Removal of safeguards against torture and other ill-treatment
Since the failed coup attempt, the Turkish authorities have remanded into pre-trial detention 34,000 soldiers, officers, policemen, judges, prosecutors, journalists, teachers and others. 70,000 people are under criminal investigation. Numerous provisions in Turkey’s emergency decrees have suspended key safeguards that protect detainees from torture and other ill-treatment in ways that violate Turkey’s international obligations and place detainees at risk.
•Prolonged police detention for terrorism-related offences and organised crime without legal review – extended from four days to 30 days;
•Denial of a detainee’s right to see a lawyer for up to five days and severe restrictions on the right to choose lawyer during police detention;
•Interference with confidential access to a counsel, including monitoring and recording of communications at the request of a prosecutor.
•In practice law enforcement officials and agents have undermined those safeguards to an extent exceeding even the permissive leeway granted them under the emergency decrees.
•A number of non-governmental organisations, including Amnesty International, have reported that they have gathered credible evidence that detainees in Turkey were subjected to beatings and torture, including rape.
Abuse of emergency provisions to silence criticism
Provisions of the emergency decrees affect the exercise of the right to freedom of expression and have been used to facilitate the arrest and harassment of journalists, writers and media workers, including:
Empowering higher levels of administration to shut down any media organization; Enabling the government to impose curfews, ban public meetings, gatherings and rallies, and restrict access to private and public spaces; Enabling the authorities to cancel or confiscate passports of anyone under investigation. On 1 September, an amendment to the decree extended this power, enabling the authorities to cancel or confiscate the passports of spouses and partners of those under investigation.

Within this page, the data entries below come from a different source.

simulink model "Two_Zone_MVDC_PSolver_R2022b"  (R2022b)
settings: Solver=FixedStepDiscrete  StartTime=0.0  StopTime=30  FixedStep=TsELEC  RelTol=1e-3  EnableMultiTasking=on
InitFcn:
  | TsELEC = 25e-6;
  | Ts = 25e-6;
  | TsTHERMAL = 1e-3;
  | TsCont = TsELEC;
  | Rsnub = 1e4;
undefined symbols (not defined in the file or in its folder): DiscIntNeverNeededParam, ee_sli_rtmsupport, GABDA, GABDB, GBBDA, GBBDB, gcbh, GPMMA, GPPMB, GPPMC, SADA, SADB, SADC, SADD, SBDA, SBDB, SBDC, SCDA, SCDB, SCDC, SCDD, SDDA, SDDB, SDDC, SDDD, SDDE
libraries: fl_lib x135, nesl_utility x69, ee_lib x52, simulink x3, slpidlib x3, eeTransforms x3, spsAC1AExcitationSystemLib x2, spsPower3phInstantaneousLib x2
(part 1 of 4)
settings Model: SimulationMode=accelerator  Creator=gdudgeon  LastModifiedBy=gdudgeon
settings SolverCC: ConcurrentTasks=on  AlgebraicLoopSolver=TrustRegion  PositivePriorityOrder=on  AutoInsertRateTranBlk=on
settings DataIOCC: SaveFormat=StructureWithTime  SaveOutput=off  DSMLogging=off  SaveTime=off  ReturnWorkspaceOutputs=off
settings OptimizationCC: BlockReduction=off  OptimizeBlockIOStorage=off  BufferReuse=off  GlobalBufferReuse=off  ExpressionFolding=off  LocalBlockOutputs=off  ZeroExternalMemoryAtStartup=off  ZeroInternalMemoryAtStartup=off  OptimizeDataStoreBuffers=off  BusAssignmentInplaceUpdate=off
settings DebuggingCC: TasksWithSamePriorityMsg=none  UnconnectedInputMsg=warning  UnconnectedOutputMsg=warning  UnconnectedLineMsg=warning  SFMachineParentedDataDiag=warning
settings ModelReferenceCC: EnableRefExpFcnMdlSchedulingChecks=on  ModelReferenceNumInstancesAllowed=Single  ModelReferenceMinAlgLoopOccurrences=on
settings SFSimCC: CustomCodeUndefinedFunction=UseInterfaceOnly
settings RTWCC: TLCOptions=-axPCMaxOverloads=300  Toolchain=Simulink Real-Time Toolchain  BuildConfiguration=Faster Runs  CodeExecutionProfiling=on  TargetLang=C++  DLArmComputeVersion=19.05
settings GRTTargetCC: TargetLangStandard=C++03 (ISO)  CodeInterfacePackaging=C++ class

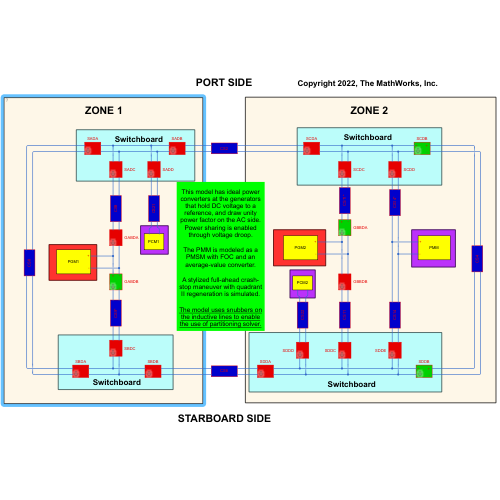
[thumbnail: Simulink's stored preview of the top-level diagram]
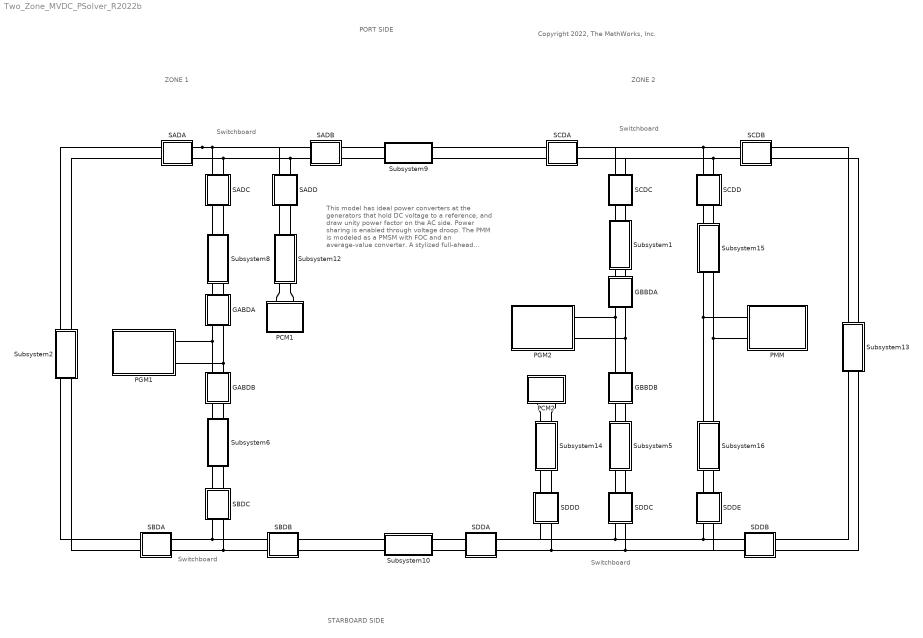
== system Two_Zone_MVDC_PSolver_R2022b ==
  note: Copyright 2022, The MathWorks, Inc.
  note: This model has ideal power converters at the generators that hold DC voltage to a reference, and draw unity power factor on the AC side. Power sharing is enabled through voltage droop.
      |
      | The PMM is modeled as a PMSM with FOC and an average-value converter.
      |
      | A stylized full-ahead crash-stop maneuver with quadrant II regeneration is simulated.
      |
      | The model uses snubbers on the inductive lines to enable the use of partitioning solver.
  note: PORT SIDE
  note: Switchboard
  note: ZONE 1
  note: ZONE 2
  note: Switchboard
  note: Switchboard
  note: Switchboard
  note: STARBOARD SIDE
  GABDA : Subsystem  mask{status=GABDA}
      mask prompts: status "Initial Status"
      mask init:
      | if ~status
      |     
      |     set(gcbh,'BackgroundColor','green')
      |     
      | elseif status
      |     
      |     set(gcbh,'BackgroundColor','red')
      |     
      | end
  GABDB : Subsystem  mask{status=GABDB}
      mask prompts: status "Initial Status"
      mask init:
      | if ~status
      |     
      |     set(gcbh,'BackgroundColor','green')
      |     
      | elseif status
      |     
      |     set(gcbh,'BackgroundColor','red')
      |     
      | end
  GBBDA : Subsystem  mask{status=GBBDA}
      mask prompts: status "Initial Status"
      mask init:
      | if ~status
      |     
      |     set(gcbh,'BackgroundColor','green')
      |     
      | elseif status
      |     
      |     set(gcbh,'BackgroundColor','red')
      |     
      | end
  GBBDB : Subsystem  mask{status=GBBDB}
      mask prompts: status "Initial Status"
      mask init:
      | if ~status
      |     
      |     set(gcbh,'BackgroundColor','green')
      |     
      | elseif status
      |     
      |     set(gcbh,'BackgroundColor','red')
      |     
      | end
  PCM1 : Subsystem
      mask Display: disp('PCM1')
  PCM2 : Subsystem
      mask Display: disp('PCM2')
  PGM1 : Subsystem
      mask Display: disp('PGM1')
  PGM2 : Subsystem
      mask Display: disp('PGM2')
  PMM : Subsystem
      mask Display: disp('PMM')
  SADA : Subsystem  mask{status=SADA}
      mask prompts: status "Initial Status"
      mask init:
      | if ~status
      |     
      |     set(gcbh,'BackgroundColor','green')
      |     
      | elseif status
      |     
      |     set(gcbh,'BackgroundColor','red')
      |     
      | end
  SADB : Subsystem  mask{status=SADB}
      mask prompts: status "Initial Status"
      mask init:
      | if ~status
      |     
      |     set(gcbh,'BackgroundColor','green')
      |     
      | elseif status
      |     
      |     set(gcbh,'BackgroundColor','red')
      |     
      | end
  SADC : Subsystem  mask{status=SADC}
      mask prompts: status "Initial Status"
      mask init:
      | if ~status
      |     
      |     set(gcbh,'BackgroundColor','green')
      |     
      | elseif status
      |     
      |     set(gcbh,'BackgroundColor','red')
      |     
      | end
  SADD : Subsystem  mask{status=SADD}
      mask prompts: status "Initial Status"
      mask init:
      | if ~status
      |     
      |     set(gcbh,'BackgroundColor','green')
      |     
      | elseif status
      |     
      |     set(gcbh,'BackgroundColor','red')
      |     
      | end
  SBDA : Subsystem  mask{status=SBDA}
      mask prompts: status "Initial Status"
      mask init:
      | if ~status
      |     
      |     set(gcbh,'BackgroundColor','green')
      |     
      | elseif status
      |     
      |     set(gcbh,'BackgroundColor','red')
      |     
      | end
  SBDB : Subsystem  mask{status=SBDB}
      mask prompts: status "Initial Status"
      mask init:
      | if ~status
      |     
      |     set(gcbh,'BackgroundColor','green')
      |     
      | elseif status
      |     
      |     set(gcbh,'BackgroundColor','red')
      |     
      | end
  SBDC : Subsystem  mask{status=SBDC}
      mask prompts: status "Initial Status"
      mask init:
      | if ~status
      |     
      |     set(gcbh,'BackgroundColor','green')
      |     
      | elseif status
      |     
      |     set(gcbh,'BackgroundColor','red')
      |     
      | end
  SCDA : Subsystem  mask{status=SCDA}
      mask prompts: status "Initial Status"
      mask init:
      | if ~status
      |     
      |     set(gcbh,'BackgroundColor','green')
      |     
      | elseif status
      |     
      |     set(gcbh,'BackgroundColor','red')
      |     
      | end
  SCDB : Subsystem  mask{status=SCDB}
      mask prompts: status "Initial Status"
      mask init:
      | if ~status
      |     
      |     set(gcbh,'BackgroundColor','green')
      |     
      | elseif status
      |     
      |     set(gcbh,'BackgroundColor','red')
      |     
      | end
  SCDC : Subsystem  mask{status=SCDC}
      mask prompts: status "Initial Status"
      mask init:
      | if ~status
      |     
      |     set(gcbh,'BackgroundColor','green')
      |     
      | elseif status
      |     
      |     set(gcbh,'BackgroundColor','red')
      |     
      | end
  SCDD : Subsystem  mask{status=SCDD}
      mask prompts: status "Initial Status"
      mask init:
      | if ~status
      |     
      |     set(gcbh,'BackgroundColor','green')
      |     
      | elseif status
      |     
      |     set(gcbh,'BackgroundColor','red')
      |     
      | end
  SDDA : Subsystem  mask{status=SDDA}
      mask prompts: status "Initial Status"
      mask init:
      | if ~status
      |     
      |     set(gcbh,'BackgroundColor','green')
      |     
      | elseif status
      |     
      |     set(gcbh,'BackgroundColor','red')
      |     
      | end
  SDDB : Subsystem  mask{status=SDDB}
      mask prompts: status "Initial Status"
      mask init:
      | if ~status
      |     
      |     set(gcbh,'BackgroundColor','green')
      |     
      | elseif status
      |     
      |     set(gcbh,'BackgroundColor','red')
      |     
      | end
  SDDC : Subsystem  mask{status=SDDC}
      mask prompts: status "Initial Status"
      mask init:
      | if ~status
      |     
      |     set(gcbh,'BackgroundColor','green')
      |     
      | elseif status
      |     
      |     set(gcbh,'BackgroundColor','red')
      |     
      | end
  SDDD : Subsystem  mask{status=SDDD}
      mask prompts: status "Initial Status"
      mask init:
      | if ~status
      |     
      |     set(gcbh,'BackgroundColor','green')
      |     
      | elseif status
      |     
      |     set(gcbh,'BackgroundColor','red')
      |     
      | end
  SDDE : Subsystem  mask{status=SDDE}
      mask prompts: status "Initial Status"
      mask init:
      | if ~status
      |     
      |     set(gcbh,'BackgroundColor','green')
      |     
      | elseif status
      |     
      |     set(gcbh,'BackgroundColor','red')
      |     
      | end
  Subsystem1 : Subsystem
      mask Display: disp('CS11*')
  Subsystem10 : Subsystem
      mask Display: disp('CS6')
  Subsystem12 : Subsystem
      mask Display: disp('CS21')
  Subsystem13 : Subsystem
      mask Display: disp('CS4')
  Subsystem14 : Subsystem
      mask Display: disp('CS22')
  Subsystem15 : Subsystem
      mask Display: disp('CS14*')
  Subsystem16 : Subsystem
      mask Display: disp('CS14')
  Subsystem2 : Subsystem
      mask Display: disp('CS8')
  Subsystem5 : Subsystem
      mask Display: disp('CS11')
  Subsystem6 : Subsystem
      mask Display: disp('CS9*')
  Subsystem8 : Subsystem
      mask Display: disp('CS9')
  Subsystem9 : Subsystem
      mask Display: disp('CS2')
  connections:
  SADA/RConn2 -- SADC/LConn2 -- SADD/LConn2 -- SADB/LConn2
  SBDC/RConn2 -- SBDB/LConn2 -- SBDA/RConn2
  PGM1/RConn2 -- GABDB/LConn2 -- GABDA/RConn2
  PGM1/RConn1 -- GABDB/LConn1 -- GABDA/RConn1
  SADA/RConn1 -- SADD/LConn1 -- SADB/LConn1 -- SADC/LConn1
  SBDC/RConn1 -- SBDB/LConn1 -- SBDA/RConn1
  SCDA/LConn2 -- Subsystem9/LConn2
  SADB/RConn1 -- Subsystem9/RConn1
  Subsystem12/LConn1 -- SADD/RConn1
  SBDA/LConn2 -- Subsystem2/RConn2
  SBDC/LConn1 -- Subsystem6/RConn1
  Subsystem12/RConn1 -- PCM1/LConn1
  SBDB/RConn1 -- Subsystem10/RConn1
  SBDC/LConn2 -- Subsystem6/RConn2
  Subsystem2/LConn1 -- SADA/LConn1
  Subsystem12/RConn2 -- PCM1/LConn2
  Subsystem12/LConn2 -- SADD/RConn2
  SADC/RConn1 -- Subsystem8/LConn1
  SBDB/RConn2 -- Subsystem10/RConn2
  SADB/RConn2 -- Subsystem9/RConn2
  Subsystem2/LConn2 -- SADA/LConn2
  SBDA/LConn1 -- Subsystem2/RConn1
  SADC/RConn2 -- Subsystem8/LConn2
  GBBDA/RConn1 -- GBBDB/LConn1 -- PGM2/RConn1
  SDDC/RConn2 -- SDDB/LConn2 -- SDDE/RConn2 -- SDDA/RConn2 -- SDDD/RConn2
  SCDC/LConn2 -- SCDA/RConn2 -- SCDD/LConn2 -- SCDB/LConn2
  SDDC/RConn1 -- SDDA/RConn1 -- SDDD/RConn1 -- SDDB/LConn1 -- SDDE/RConn1
  SCDC/LConn1 -- SCDA/RConn1 -- SCDD/LConn1 -- SCDB/LConn1
  GBBDA/RConn2 -- GBBDB/LConn2 -- PGM2/RConn2
  SCDC/RConn2 -- Subsystem1/LConn2
  SCDB/RConn1 -- Subsystem13/LConn1
  SDDB/RConn1 -- Subsystem13/RConn1
  SDDC/LConn2 -- Subsystem5/RConn2
  SDDB/RConn2 -- Subsystem13/RConn2
  SCDB/RConn2 -- Subsystem13/LConn2
  SDDC/LConn1 -- Subsystem5/RConn1
  SCDC/RConn1 -- Subsystem1/LConn1
  Subsystem9/LConn1 -- SCDA/LConn1
  Subsystem10/LConn1 -- SDDA/LConn1
  Subsystem10/LConn2 -- SDDA/LConn2
  GBBDA/LConn1 -- Subsystem1/RConn1
  GBBDA/LConn2 -- Subsystem1/RConn2
  GBBDB/RConn1 -- Subsystem5/LConn1
  GBBDB/RConn2 -- Subsystem5/LConn2
  GABDA/LConn1 -- Subsystem8/RConn1
  GABDA/LConn2 -- Subsystem8/RConn2
  GABDB/RConn1 -- Subsystem6/LConn1
  GABDB/RConn2 -- Subsystem6/LConn2
  Subsystem14/LConn1 -- PCM2/LConn1
  Subsystem14/LConn2 -- PCM2/LConn2
  Subsystem14/RConn1 -- SDDD/LConn1
  Subsystem14/RConn2 -- SDDD/LConn2
  Subsystem15/LConn2 -- SCDD/RConn2
  Subsystem15/LConn1 -- SCDD/RConn1
  Subsystem16/RConn1 -- SDDE/LConn1
  Subsystem16/RConn2 -- SDDE/LConn2
  Subsystem16/LConn1 -- PMM/LConn1 -- Subsystem15/RConn1
  Subsystem15/RConn2 -- PMM/LConn2 -- Subsystem16/LConn2

== system Two_Zone_MVDC_PSolver_R2022b/GABDA ==
  GABDA : ee_lib/Switches & Breakers/DPST Switch  R_closed=1e-4 Ohm  G_open=1e-6 S  Threshold=0.5 V  Width=0 V  model_dynamics=0  t_on=1e-3 s  t_off=1e-3 s  initial_vT=0 V
      settings: InternalSimscapePortConfiguration="{\"Bottom\":[],\"Left\":[{\"id\":\"vT\",\"label\":\"vT\",\"type\":\"input\"},{\"id\":\"p1\",\"label\":\"\",\"type\":\"foundation.electrical.electrical\"},{\"id\":\"p2\",\"label\":\"\",\"type\":\"foundation.electrical.electrical\"}],\"Right\":[{\"id\":\"n1\",\"label\":\"\",\"type\":\"foundation.electrical.electrical\"},{\"id\":\"n2\",\"label\":\"\",\"type\":\"foundation.electrical.electrical\"}],\"Top\":[]}"
  Simulink-PS Converter : nesl_utility/Simulink-PS Converter  PhysicalDomain=network_engine_domain  SubClassName=ps_input  LeftPortType=input  RightPortType=output  PseudoPeriodic=off  Frequencies=[]  NoiseDistribution=none  NoiseParameters=[]  Unit=1  AffineConversion=off  FilteringAndDerivatives=provide  SimscapeFilterOrder=1  InputFilterTimeConstant=0.001  UdotUserProvided=0
  "+ " : PMIOPort  Side=Right
  + : PMIOPort  Port=2  Side=Left
  "- " : PMIOPort  Port=3  Side=Right
  - : PMIOPort  Port=4  Side=Left
  wires:
  [GABDA] -> Simulink-PS Converter/1
  connections:
  GABDA/RConn1 -- "+ "/RConn1
  GABDA/LConn3 -- -/RConn1
  GABDA/RConn2 -- "- "/RConn1
  Simulink-PS Converter/RConn1 -- GABDA/LConn1
  GABDA/LConn2 -- +/RConn1

== system Two_Zone_MVDC_PSolver_R2022b/GABDB ==
  GABDB : ee_lib/Switches & Breakers/DPST Switch  R_closed=1e-4 Ohm  G_open=1e-6 S  Threshold=0.5 V  Width=0 V  model_dynamics=0  t_on=1e-3 s  t_off=1e-3 s  initial_vT=0 V
      settings: InternalSimscapePortConfiguration="{\"Bottom\":[],\"Left\":[{\"id\":\"vT\",\"label\":\"vT\",\"type\":\"input\"},{\"id\":\"p1\",\"label\":\"\",\"type\":\"foundation.electrical.electrical\"},{\"id\":\"p2\",\"label\":\"\",\"type\":\"foundation.electrical.electrical\"}],\"Right\":[{\"id\":\"n1\",\"label\":\"\",\"type\":\"foundation.electrical.electrical\"},{\"id\":\"n2\",\"label\":\"\",\"type\":\"foundation.electrical.electrical\"}],\"Top\":[]}"
  Simulink-PS Converter : nesl_utility/Simulink-PS Converter  PhysicalDomain=network_engine_domain  SubClassName=ps_input  LeftPortType=input  RightPortType=output  PseudoPeriodic=off  Frequencies=[]  NoiseDistribution=none  NoiseParameters=[]  Unit=1  AffineConversion=off  FilteringAndDerivatives=provide  SimscapeFilterOrder=1  InputFilterTimeConstant=0.001  UdotUserProvided=0
  "+ " : PMIOPort  Side=Right
  + : PMIOPort  Port=2  Side=Left
  "- " : PMIOPort  Port=3  Side=Right
  - : PMIOPort  Port=4  Side=Left
  wires:
  [GABDB] -> Simulink-PS Converter/1
  connections:
  GABDB/LConn2 -- +/RConn1
  Simulink-PS Converter/RConn1 -- GABDB/LConn1
  GABDB/RConn2 -- "- "/RConn1
  GABDB/LConn3 -- -/RConn1
  GABDB/RConn1 -- "+ "/RConn1

== system Two_Zone_MVDC_PSolver_R2022b/GBBDA ==
  GBBDA : ee_lib/Switches & Breakers/DPST Switch  R_closed=1e-4 Ohm  G_open=1e-6 S  Threshold=0.5 V  Width=0 V  model_dynamics=0  t_on=1e-3 s  t_off=1e-3 s  initial_vT=0 V
      settings: InternalSimscapePortConfiguration="{\"Bottom\":[],\"Left\":[{\"id\":\"vT\",\"label\":\"vT\",\"type\":\"input\"},{\"id\":\"p1\",\"label\":\"\",\"type\":\"foundation.electrical.electrical\"},{\"id\":\"p2\",\"label\":\"\",\"type\":\"foundation.electrical.electrical\"}],\"Right\":[{\"id\":\"n1\",\"label\":\"\",\"type\":\"foundation.electrical.electrical\"},{\"id\":\"n2\",\"label\":\"\",\"type\":\"foundation.electrical.electrical\"}],\"Top\":[]}"
  Simulink-PS Converter : nesl_utility/Simulink-PS Converter  PhysicalDomain=network_engine_domain  SubClassName=ps_input  LeftPortType=input  RightPortType=output  PseudoPeriodic=off  Frequencies=[]  NoiseDistribution=none  NoiseParameters=[]  Unit=1  AffineConversion=off  FilteringAndDerivatives=provide  SimscapeFilterOrder=1  InputFilterTimeConstant=0.001  UdotUserProvided=0
  "+ " : PMIOPort  Side=Right
  + : PMIOPort  Port=2  Side=Left
  "- " : PMIOPort  Port=3  Side=Right
  - : PMIOPort  Port=4  Side=Left
  wires:
  [GBBDA] -> Simulink-PS Converter/1
  connections:
  GBBDA/RConn1 -- "+ "/RConn1
  GBBDA/LConn3 -- -/RConn1
  GBBDA/RConn2 -- "- "/RConn1
  Simulink-PS Converter/RConn1 -- GBBDA/LConn1
  GBBDA/LConn2 -- +/RConn1

== system Two_Zone_MVDC_PSolver_R2022b/GBBDB ==
  GBBDB : ee_lib/Switches & Breakers/DPST Switch  R_closed=1e-4 Ohm  G_open=1e-6 S  Threshold=0.5 V  Width=0 V  model_dynamics=0  t_on=1e-3 s  t_off=1e-3 s  initial_vT=0 V
      settings: InternalSimscapePortConfiguration="{\"Bottom\":[],\"Left\":[{\"id\":\"vT\",\"label\":\"vT\",\"type\":\"input\"},{\"id\":\"p1\",\"label\":\"\",\"type\":\"foundation.electrical.electrical\"},{\"id\":\"p2\",\"label\":\"\",\"type\":\"foundation.electrical.electrical\"}],\"Right\":[{\"id\":\"n1\",\"label\":\"\",\"type\":\"foundation.electrical.electrical\"},{\"id\":\"n2\",\"label\":\"\",\"type\":\"foundation.electrical.electrical\"}],\"Top\":[]}"
  Simulink-PS Converter : nesl_utility/Simulink-PS Converter  PhysicalDomain=network_engine_domain  SubClassName=ps_input  LeftPortType=input  RightPortType=output  PseudoPeriodic=off  Frequencies=[]  NoiseDistribution=none  NoiseParameters=[]  Unit=1  AffineConversion=off  FilteringAndDerivatives=provide  SimscapeFilterOrder=1  InputFilterTimeConstant=0.001  UdotUserProvided=0
  "+ " : PMIOPort  Side=Right
  + : PMIOPort  Port=2  Side=Left
  "- " : PMIOPort  Port=3  Side=Right
  - : PMIOPort  Port=4  Side=Left
  wires:
  [GBBDB] -> Simulink-PS Converter/1
  connections:
  GBBDB/LConn2 -- +/RConn1
  Simulink-PS Converter/RConn1 -- GBBDB/LConn1
  GBBDB/RConn2 -- "- "/RConn1
  GBBDB/LConn3 -- -/RConn1
  GBBDB/RConn1 -- "+ "/RConn1

== system Two_Zone_MVDC_PSolver_R2022b/PCM1 ==
  Bus Creator : BusCreator  Inputs=3
  Current Sensor : fl_lib/Electrical/Electrical Sensors/Current Sensor
  PS-Simulink Converter : nesl_utility/PS-Simulink Converter  PhysicalDomain=network_engine_domain  SubClassName=ps_output  LeftPortType=input  RightPortType=output  PseudoPeriodic=off  Frequencies=[]  VectorFormat=1-D array  Unit=1  AffineConversion=off
  PS-Simulink Converter1 : nesl_utility/PS-Simulink Converter  PhysicalDomain=network_engine_domain  SubClassName=ps_output  LeftPortType=input  RightPortType=output  PseudoPeriodic=off  Frequencies=[]  VectorFormat=1-D array  Unit=1  AffineConversion=off
  Product : Product
  Resistor : fl_lib/Electrical/Electrical Elements/Resistor  R=100 Ohm  i_specify=off  i_priority=None  i=0 A  i_nominal_specify=off  i_nominal_unit=A  i_nominal_value=1  v_specify=off  v_priority=None  v=0 V  v_nominal_specify=off  v_nominal_unit=V  v_nominal_value=1
  Terminator : Terminator
  Voltage Sensor : fl_lib/Electrical/Electrical Sensors/Voltage Sensor
  + : PMIOPort  Side=Left
  - : PMIOPort  Port=2  Side=Left
  wires:
  Bus Creator/1 -> Terminator/1  "PCM1"
  Product/1 -> Bus Creator/3  "P"
  PS-Simulink Converter1/1 -> Bus Creator/2, Product/2  "V"
  PS-Simulink Converter/1 -> Bus Creator/1, Product/1  "I"
  connections:
  Current Sensor/LConn1 -- +/RConn1
  Voltage Sensor/RConn1 -- PS-Simulink Converter1/LConn1
  PS-Simulink Converter/LConn1 -- Current Sensor/RConn1
  Resistor/RConn1 -- -/RConn1 -- Voltage Sensor/RConn2
  Voltage Sensor/LConn1 -- Resistor/LConn1 -- Current Sensor/RConn2

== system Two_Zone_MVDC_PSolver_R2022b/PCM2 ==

Restrictions imposed under the state of emergency go beyond those permissible under international human rights law, including unjustifiable limitations on media freedom and the right to freedom of expression.
During the first two and a half months of the state of emergency, pursuant to the decrees outlined above, authorities closed around 150 media outlets and publishing companies, leaving over 2,300 journalists and media workers without jobs. At least 99 journalists and writers have been arrested, bringing the total number of media workers detained on charges believed to be related to their exercise of the right to freedom of expression to at least 130, as of 19 October 2016. These numbers exclude other journalists who are currently in detention in police holding cells, or have been detained and released without charge during the state of emergency. Emergency provisions have also been used to harass family members of journalists who have fled abroad or gone into hiding, including by cancelling their passports or detaining them in the stead of those accused.
Such measures against journalists and media workers obstruct the right of people in Turkey to receive information about current events and to hold the government to account.
The Government of Turkey should ensure that the state of emergency and the related emergency decrees are not tools to facilitate serious human rights violations and to silence dissent. Meanwhile, Turkey’s international partners should not ignore the serious violations committed in the context of the state of emergency and should urgently call upon Turkey to rescind or amend the emergency provisions that are not consistent with the country’s international human rights obligations.”